On June 11, a group of local pro-regime fighters were ambushed by ISIS while driving through Ain Ali, a suburb just outside the city of Mayadeen. Their vehicle was hit by an IED, after which they were attacked with small arms. Five men were killed, and one was reportedly captured by the attackers. On the same day, a mine or IED killed a soldier somewhere around the town of Boukamal.
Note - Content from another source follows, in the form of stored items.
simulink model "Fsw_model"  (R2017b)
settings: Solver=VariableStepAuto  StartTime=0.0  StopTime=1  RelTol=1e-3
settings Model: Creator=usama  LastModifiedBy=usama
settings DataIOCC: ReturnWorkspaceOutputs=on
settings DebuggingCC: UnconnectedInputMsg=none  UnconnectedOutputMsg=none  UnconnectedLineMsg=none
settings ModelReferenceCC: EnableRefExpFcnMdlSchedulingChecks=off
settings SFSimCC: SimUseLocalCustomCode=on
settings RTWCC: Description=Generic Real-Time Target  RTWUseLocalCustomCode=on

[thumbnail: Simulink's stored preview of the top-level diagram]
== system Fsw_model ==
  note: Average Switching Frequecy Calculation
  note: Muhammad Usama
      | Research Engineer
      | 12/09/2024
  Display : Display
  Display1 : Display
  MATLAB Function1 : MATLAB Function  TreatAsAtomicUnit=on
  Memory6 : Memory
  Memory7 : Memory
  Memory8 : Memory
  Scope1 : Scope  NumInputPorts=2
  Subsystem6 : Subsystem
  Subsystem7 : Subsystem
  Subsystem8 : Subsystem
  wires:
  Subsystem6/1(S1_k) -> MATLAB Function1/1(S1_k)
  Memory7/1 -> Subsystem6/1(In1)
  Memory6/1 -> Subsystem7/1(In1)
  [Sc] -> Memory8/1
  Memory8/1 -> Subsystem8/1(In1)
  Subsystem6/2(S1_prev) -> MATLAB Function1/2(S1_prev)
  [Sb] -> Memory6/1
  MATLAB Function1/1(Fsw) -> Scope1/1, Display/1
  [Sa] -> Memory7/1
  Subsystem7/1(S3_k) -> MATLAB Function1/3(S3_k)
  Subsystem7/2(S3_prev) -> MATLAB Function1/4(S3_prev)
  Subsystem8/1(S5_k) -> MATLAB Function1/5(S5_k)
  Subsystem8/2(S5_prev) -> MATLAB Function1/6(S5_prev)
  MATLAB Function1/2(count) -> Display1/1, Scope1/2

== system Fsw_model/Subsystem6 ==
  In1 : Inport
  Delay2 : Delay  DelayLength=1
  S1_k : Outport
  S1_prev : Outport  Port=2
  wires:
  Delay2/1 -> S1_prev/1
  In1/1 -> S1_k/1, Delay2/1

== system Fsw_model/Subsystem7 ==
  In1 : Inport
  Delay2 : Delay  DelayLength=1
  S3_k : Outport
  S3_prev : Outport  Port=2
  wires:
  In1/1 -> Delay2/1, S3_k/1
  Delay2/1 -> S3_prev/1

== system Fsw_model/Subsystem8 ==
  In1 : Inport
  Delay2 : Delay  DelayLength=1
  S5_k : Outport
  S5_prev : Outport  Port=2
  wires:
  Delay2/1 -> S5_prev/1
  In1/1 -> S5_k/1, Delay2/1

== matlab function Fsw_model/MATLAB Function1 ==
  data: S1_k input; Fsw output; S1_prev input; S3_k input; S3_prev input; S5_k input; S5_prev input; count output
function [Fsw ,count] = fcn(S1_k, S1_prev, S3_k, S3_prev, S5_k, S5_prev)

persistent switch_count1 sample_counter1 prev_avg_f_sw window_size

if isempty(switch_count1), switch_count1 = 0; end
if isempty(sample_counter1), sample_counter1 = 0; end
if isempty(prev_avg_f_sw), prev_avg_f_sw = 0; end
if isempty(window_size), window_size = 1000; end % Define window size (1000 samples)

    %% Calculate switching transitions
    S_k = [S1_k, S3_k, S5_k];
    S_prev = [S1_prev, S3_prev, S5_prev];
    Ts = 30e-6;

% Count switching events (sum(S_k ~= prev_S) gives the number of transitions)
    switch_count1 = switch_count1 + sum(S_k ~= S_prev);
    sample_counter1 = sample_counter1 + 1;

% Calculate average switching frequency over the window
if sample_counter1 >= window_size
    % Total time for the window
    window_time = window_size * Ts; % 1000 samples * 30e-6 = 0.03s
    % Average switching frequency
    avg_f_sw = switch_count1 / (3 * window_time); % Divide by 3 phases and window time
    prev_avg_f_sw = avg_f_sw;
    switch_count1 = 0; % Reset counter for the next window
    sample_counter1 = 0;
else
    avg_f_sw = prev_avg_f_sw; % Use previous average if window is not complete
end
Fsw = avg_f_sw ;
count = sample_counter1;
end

On June 19, a convoy of the Iranian-backed Local Defense Forces (LDF) was hit by an IED while traveling through the town of Bogeleyah, just north of Deir Ez Zor city. The convoy included locals returning from training in LDF camps across Syria. The attack left five dead and seven wounded. It came just a few days after another IED was dismantled in the neighboring town of Shamitiyah. |
Map of locatable ISIS attacks in Dier Ez Zor (highlighted) in June 2023 alongside all other attacks in 2023. |
Homs
April witnessed the end of the month-long regime offensive to secure al-Kawm, the strategic village in northeast Homs, but ISIS activity has continued in this region. In May, there were at least four ISIS attacks in the Sukhnah-Taybeh region, just south of Kawm, and at least two of June’s three recorded attacks also occurred in this area.
On June 6, two Liwa al-Quds fighters were reported missing while either patrolling or being stationed in the Easter Qasr Hariri area, which is east of Taybeh on the southern edge of the eastern Kawm mountains reportedly controlled by ISIS. The same day, four civilians harvesting wheat around Sukhnah were attacked by a group of militants. All four men were killed, and their harvester was destroyed.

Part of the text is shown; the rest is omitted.